Do wiadomości zainteresowanych - wentylację grawitacyjną w 98% przypadków wykonuje się z pustaków do przewodów dymowych i wentylacyjnych typ P (PN-73/B-12007) o średnicy przewodu wentylacyjnego 150 mm. Nieststy niktórzy dyletanci słysząc słowo "wentylacja" od razu klasyfikują to do branży wentylacyjnej, a tymczasem jast to branża budowlana. Przewody wentylacji grawitacyjnej uwzględniane są zatem w projekcie budowlanym, i trzeba dużej wprawy aby je odnaleźć n rysunku i rozszyfrować ich przebieg - nie robi się przekrojów przez cały budynek. Dodatkowo od 1997 (?) nie robi sią w wentylacji grawitacyjnej pdłączeń do innych lokali. Każdy pion wentylacyjny obsługuje wyłącznie jedno pomieszczenie.

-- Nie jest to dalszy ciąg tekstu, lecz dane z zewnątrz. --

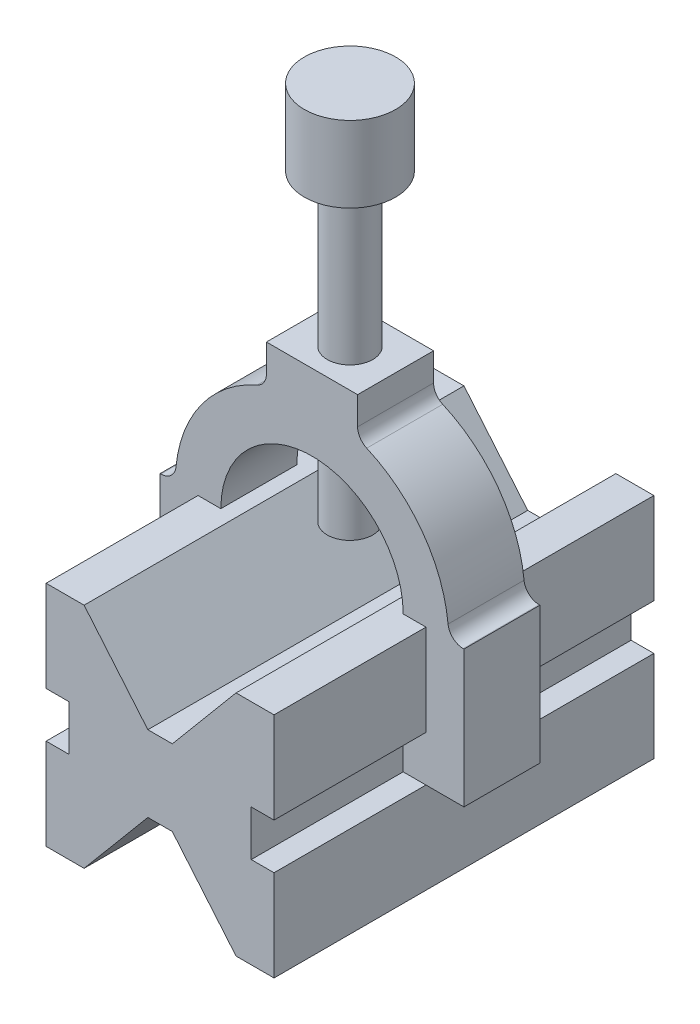
SolidWorks part; units mm, degrees
ref_plane "Front Plane" through (0, 0, 0) normal (0, 0, 1) x (1, 0, 0)
ref_plane "Top Plane" through (0, 0, 0) normal (0, 1, 0) x (1, 0, 0)
ref_plane "Right Plane" through (0, 0, 0) normal (1, 0, 0) x (0, 0, -1)
sketch "Sketch1" plane through (0, 0, 0) normal (0, 0, 1) x (1, 0, 0)
  line L0 (0, 49.3455) -> (0, -29.3455) construction
  line L2 (-67.6166, 0) -> (84.7625, 0) construction
  line L3 (-3.218, 10) -> (3.218, 10)
  line L5 (3.218, 10) -> (20, 30)
  line L6 (-3.218, 10) -> (-20, 30)
  line L7 (20, 30) -> (30, 30)
  line L8 (-20, 30) -> (-30, 30)
  line L9 (30, 30) -> (30, 6)
  line L10 (-30, 30) -> (-30, 6)
  line L11 (30, 6) -> (24, 6)
  line L12 (-30, 6) -> (-24, 6)
  line L13 (24, 6) -> (24, -6)
  line L14 (-24, 6) -> (-24, -6)
  line L15 (24, 0) -> (-24, 0)
  line L16 (30, -6) -> (24, -6)
  line L17 (30, -30) -> (30, -6)
  line L18 (20, -30) -> (30, -30)
  line L19 (3.218, -10) -> (20, -30)
  line L20 (-3.218, -10) -> (3.218, -10)
  line L21 (-3.218, -10) -> (-20, -30)
  line L22 (-20, -30) -> (-30, -30)
  line L23 (-30, -30) -> (-30, -6)
  line L24 (-30, -6) -> (-24, -6)
  point P8 (0, 10)
  point P18 (0, 0)
  dimension "D1" = 60
  dimension "D2" = 24
  dimension "D3" = 20
  dimension "D4" = 6
  dimension "D5" = 60
  dimension "D6" = 50
  dimension "D7" = 40
extrude "Boss-Extrude1" add sketch "Sketch1" along normal mid plane 100 contours L24 L23 L22 L21 L20 L19 L18 L17 L16 L13 L15 L14 | L15 L13 L11 L9 L7 L5 L3 L6 L8 L10 L12 L14 region at (0, 9.3292, 0) region at (0, -0.6708, 0)
sketch "Sketch2" plane through (0, 0, 0) normal (0, 0, 1) x (1, 0, 0)
  line L0 (30, -6) -> (24, -6) construction
  line L1 (24, 6) -> (24, -6) construction
  line L2 (30, 6) -> (24, 6) construction
  line L3 (30, -6) -> (24, -6)
  line L4 (24, 6) -> (24, -6)
  line L5 (30, 6) -> (24, 6)
  line L7 (40, -6) -> (24, -6)
  line L8 (40, -6) -> (40, 6)
  line L9 (40, 6) -> (24, 6)
  line L10 (24, -6) -> (24, 6)
  line L11 (40, -6) -> (24, 6) construction
  line L12 (40, 6) -> (24, -6) construction
  point P4 (32, 0)
  dimension "D1" = 16
extrude "Boss-Extrude2" add sketch "Sketch2" along normal mid plane 20 separate body contours L8 L9 L5 L4 L3 L7 region at (32, 0, 0)
sketch "Sketch4" plane through (0, 0, 10) normal (0, 0, 1) x (1, 0, 0)
  line L0 (30, 30) -> (30, 6) construction
  line L1 (30, 30) -> (30, 6)
  line L3 (40, 6) -> (30, 6)
  line L4 (40, -6) -> (40, 6)
  line L5 (40, 6) -> (24, 6)
  line L6 (24, 6) -> (24, -6)
  line L7 (24, -6) -> (40, -6)
  line L8 (40, -6) -> (40, 6)
  line L9 (40, 6) -> (24, 6)
  line L10 (24, 6) -> (24, -6)
  line L11 (24, -6) -> (40, -6)
  line L12 (40, 6) -> (40, 30)
  line L13 (40, 30) -> (30, 30)
  line L14 (30, 6) -> (30, 30)
  line M10 (40, 6) -> (24, 6)
  dimension "D1" = 0
extrude "Boss-Extrude4" add sketch "Sketch4" against normal up to vertex (20 mm away) contours L12 L13 L1 M10 region at (35, 18, 10) up to point (40, 6, -10)
mirror "Mirror2" about plane through (0, 0, 0) normal (1, 0, 0) of bodies 104
sketch "Sketch5" plane through (0, 0, 10) normal (0, 0, 1) x (1, 0, 0)
  line L0 (0, 0) -> (0, 42.4873) construction
  line L1 (20, 30) -> (-20, 30) construction
  line L2 (-40, 30) -> (-40, -6) construction
  line L3 (-40, -6) -> (-24, -6) construction
  line L4 (-24, -6) -> (-24, 6) construction
  line L5 (-24, 6) -> (-30, 6) construction
  line L6 (-30, 6) -> (-30, 30) construction
  line L7 (-30, 30) -> (-40, 30) construction
  line L8 (40, -6) -> (40, 30) construction
  line L9 (40, 30) -> (30, 30) construction
  line L10 (30, 30) -> (30, 6) construction
  line L11 (30, 6) -> (24, 6) construction
  line L12 (24, 6) -> (24, -6) construction
  line L13 (24, -6) -> (40, -6) construction
  line L14 (-40, 30) -> (-40, -6)
  line L15 (-40, -6) -> (-24, -6)
  line L16 (-24, -6) -> (-24, 6)
  line L17 (-24, 6) -> (-30, 6)
  line L18 (-30, 6) -> (-30, 30)
  line L19 (-30, 30) -> (-40, 30)
  line L20 (40, -6) -> (40, 30)
  line L21 (-24, -6) -> (-30, -6)
  line L22 (-30, -6) -> (-30, -30)
  line L23 (-30, -30) -> (-20, -30)
  line L24 (-20, -30) -> (-3.218, -10)
  line L25 (-3.218, -10) -> (3.218, -10)
  line L26 (3.218, -10) -> (20, -30)
  line L27 (20, -30) -> (30, -30)
  line L28 (30, -30) -> (30, -6)
  line L29 (30, -6) -> (24, -6)
  line L30 (24, -6) -> (24, 6)
  line L31 (24, 6) -> (30, 6)
  line L32 (30, 6) -> (30, 30)
  line L33 (30, 30) -> (20, 30)
  line L34 (20, 30) -> (3.218, 10)
  line L35 (3.218, 10) -> (-3.218, 10)
  line L36 (-3.218, 10) -> (-20, 30)
  line L37 (-20, 30) -> (-30, 30)
  line L38 (-30, 30) -> (-30, 6)
  line L39 (-30, 6) -> (-24, 6)
  line L40 (-24, 6) -> (-24, -6)
  line L41 (-24, -6) -> (-30, -6)
  line L42 (-30, -6) -> (-30, -30)
  line L43 (-30, -30) -> (-20, -30)
  line L44 (-20, -30) -> (-3.218, -10)
  line L45 (-3.218, -10) -> (3.218, -10)
  line L46 (3.218, -10) -> (20, -30)
  line L47 (20, -30) -> (30, -30)
  line L48 (30, -30) -> (30, -6)
  line L49 (30, -6) -> (24, -6)
  line L50 (24, -6) -> (24, 6)
  line L51 (24, 6) -> (30, 6)
  line L52 (30, 6) -> (30, 30)
  line L53 (30, 30) -> (20, 30)
  line L54 (20, 30) -> (3.218, 10)
  line L55 (3.218, 10) -> (-3.218, 10)
  line L56 (-3.218, 10) -> (-20, 30)
  line L57 (-20, 30) -> (-30, 30)
  line L58 (-30, 30) -> (-30, 6)
  line L59 (-30, 6) -> (-24, 6)
  line L60 (-24, 6) -> (-24, -6)
  line L61 (40, 30) -> (30, 30)
  line L62 (30, 30) -> (30, 6)
  line L63 (30, 6) -> (24, 6)
  line L64 (24, 6) -> (24, -6)
  line L65 (24, -6) -> (40, -6)
  line L66 (24, 30) -> (36, 30)
  line L67 (-36, 30) -> (-24, 30)
  line L70 (12, 63.9411) -> (12, 74)
  line L71 (12, 74) -> (-12, 74)
  line L72 (-12, 63.9411) -> (-12, 74)
  arc A0 (24, 30) -> (-24, 30) centre (0, 30) ccw
  arc A1 (36, 30) -> (12, 63.9411) centre (0, 30) ccw
  arc A2 (-12, 63.9411) -> (-36, 30) centre (0, 30) ccw
  dimension "D2" = 48
  dimension "D3" = 72
  dimension "D4" = 80
  dimension "D1" = 0
  dimension "D5" = 24
extrude "Boss-Extrude5" add sketch "Sketch5" against normal up to vertex (20 mm away) contours L72 A2 L19 L57 A0 L53 L61 A1 L70 L71 region at (-28.7049, 50.2974, 10) up to point (40, 30, -10)
combine bodies "Combine2" operation type add bodies to combine 106 105
sketch "Sketch6" plane through (0, 74, 0) normal (0, 1, 0) x (1, 0, 0)
  line L4 (-12, -10) -> (12, -10)
  line L5 (12, -10) -> (12, 10)
  line L6 (12, 10) -> (-12, 10)
  line L7 (-12, 10) -> (-12, -10)
  line L8 (-12, -10) -> (12, -10)
  line L9 (12, -10) -> (12, 10)
  line L10 (12, 10) -> (-12, 10)
  line L11 (-12, 10) -> (-12, -10)
  circle A0 centre (0, 0) radius 6
  dimension "D2" = 12
  dimension "D1" = 0
extrude "Cut-Extrude1" cut sketch "Sketch6" against normal up to surface (20 mm away) contours A0 up to face at (0, 42, 0)
fillet "Fillet1" radius 4 4 edges at (12, 63.9411, 0) (-12, 63.9411, 0) (36, 30, 0) (-36, 30, 0)
sketch "Sketch7" plane through (0, 74, 0) normal (0, 1, 0) x (1, 0, 0)
  line L4 (-12, -10) -> (12, -10)
  line L5 (12, -10) -> (12, 10)
  line L6 (12, 10) -> (-12, 10)
  line L7 (-12, 10) -> (-12, -10)
  line L8 (-12, -10) -> (12, -10)
  line L9 (12, -10) -> (12, 10)
  line L10 (12, 10) -> (-12, 10)
  line L11 (-12, 10) -> (-12, -10)
  circle A0 centre (0, 0) radius 6 construction
  circle A1 centre (0, 0) radius 6
  circle M6 centre (0, 0) radius 6
  line M7 (-12, -10) -> (12, -10)
  line M8 (12, -10) -> (12, 10)
  line M9 (12, 10) -> (-12, 10)
  line M10 (-12, 10) -> (-12, -10)
  dimension "D1" = 0
extrude "Boss-Extrude6" add sketch "Sketch7" along normal blind 40 and the other way blind 40 separate body contours M10 M7 M8 M9 M6 | L8 L9 L10 L11 region at (-11.6876, 74, 0)
sketch "Sketch8" plane through (0, 114, 0) normal (0, 1, 0) x (1, 0, 0)
  circle A0 centre (0, 0) radius 12
  circle A1 centre (0, 0) radius 6
  circle A2 centre (0, 0) radius 6
  circle M3 centre (0, 0) radius 6
  dimension "D2" = 12
  dimension "D1" = 0
extrude "Boss-Extrude7" add sketch "Sketch8" along normal blind 20 contours M3 | A0 M3 region at (-11.6606, 114, 0) region at (0, 114, 0)

Co do zakończenia przewodu wentylacji grawitacyjnej jakimkolwiek wywietrzakiem, to już na pewno nie proponowałbym "strażaka", który z reguły montowany jest na zakończeniach przewodów dymowych, a "turbowent" - który może w sposób istotny poprawić ciąg wentylacyjny. Jednak zależy to jaki sposób zakończenia pionów przewidział projektant. Bo jeżeli zakończenie zostało wykonane w postaci zamknięcia od góry zespołu pionów wentylacyjnych czapką betonową pozostawiając tylko przelot wentylacyjny pod spodem zabezpieczony sziatką - to myślę, że temat zmiany zakończenia mamy zamknięty.
Dziwię się, że nikt ie zaproponował wspomagania wentylacji grawitacyjnej poprzez zainstalowanie wentylatorów mechnicznych (HELIOS lub EDM)o pracy ciągłej no 60 m3/h- pod warunkiem zastosowania tego rozwiązania we wszystkich przewodach wentylacyjnych.
Agieszka ładnie i dużo pisze, ale widać,że nie miała nigdy w ręku kompletu dokumentacji wykonawczej "Architektury" budynku wielokondygnacyjnego. Dokumentem dopuszczającym budynek do użytkowania ze strony wentylacji jest protokół kominiarski, który mówi jedynie o prawidłowości wykonania przewodów wentylacyjnych, nie ma w nim mowy o żadnych pomiarach ani wartościach przepływu powietrza - takie dokumenty są sporządzane przy wentylacji mechanicznej.
Co do nawiewników okiennych, to projektanci w fazie projektowej nie opisują żadnych wartości - wentylacja grawitacyjna działa "jak chce. jak nie chce to nie działa". Za dużo czynników zewnętrznych ma wpływ na jej skuteczność: temperatuta (różnica), ciśnienie, wilgotność, siła wiatru, jakość wykonania przewodów kominowych itp.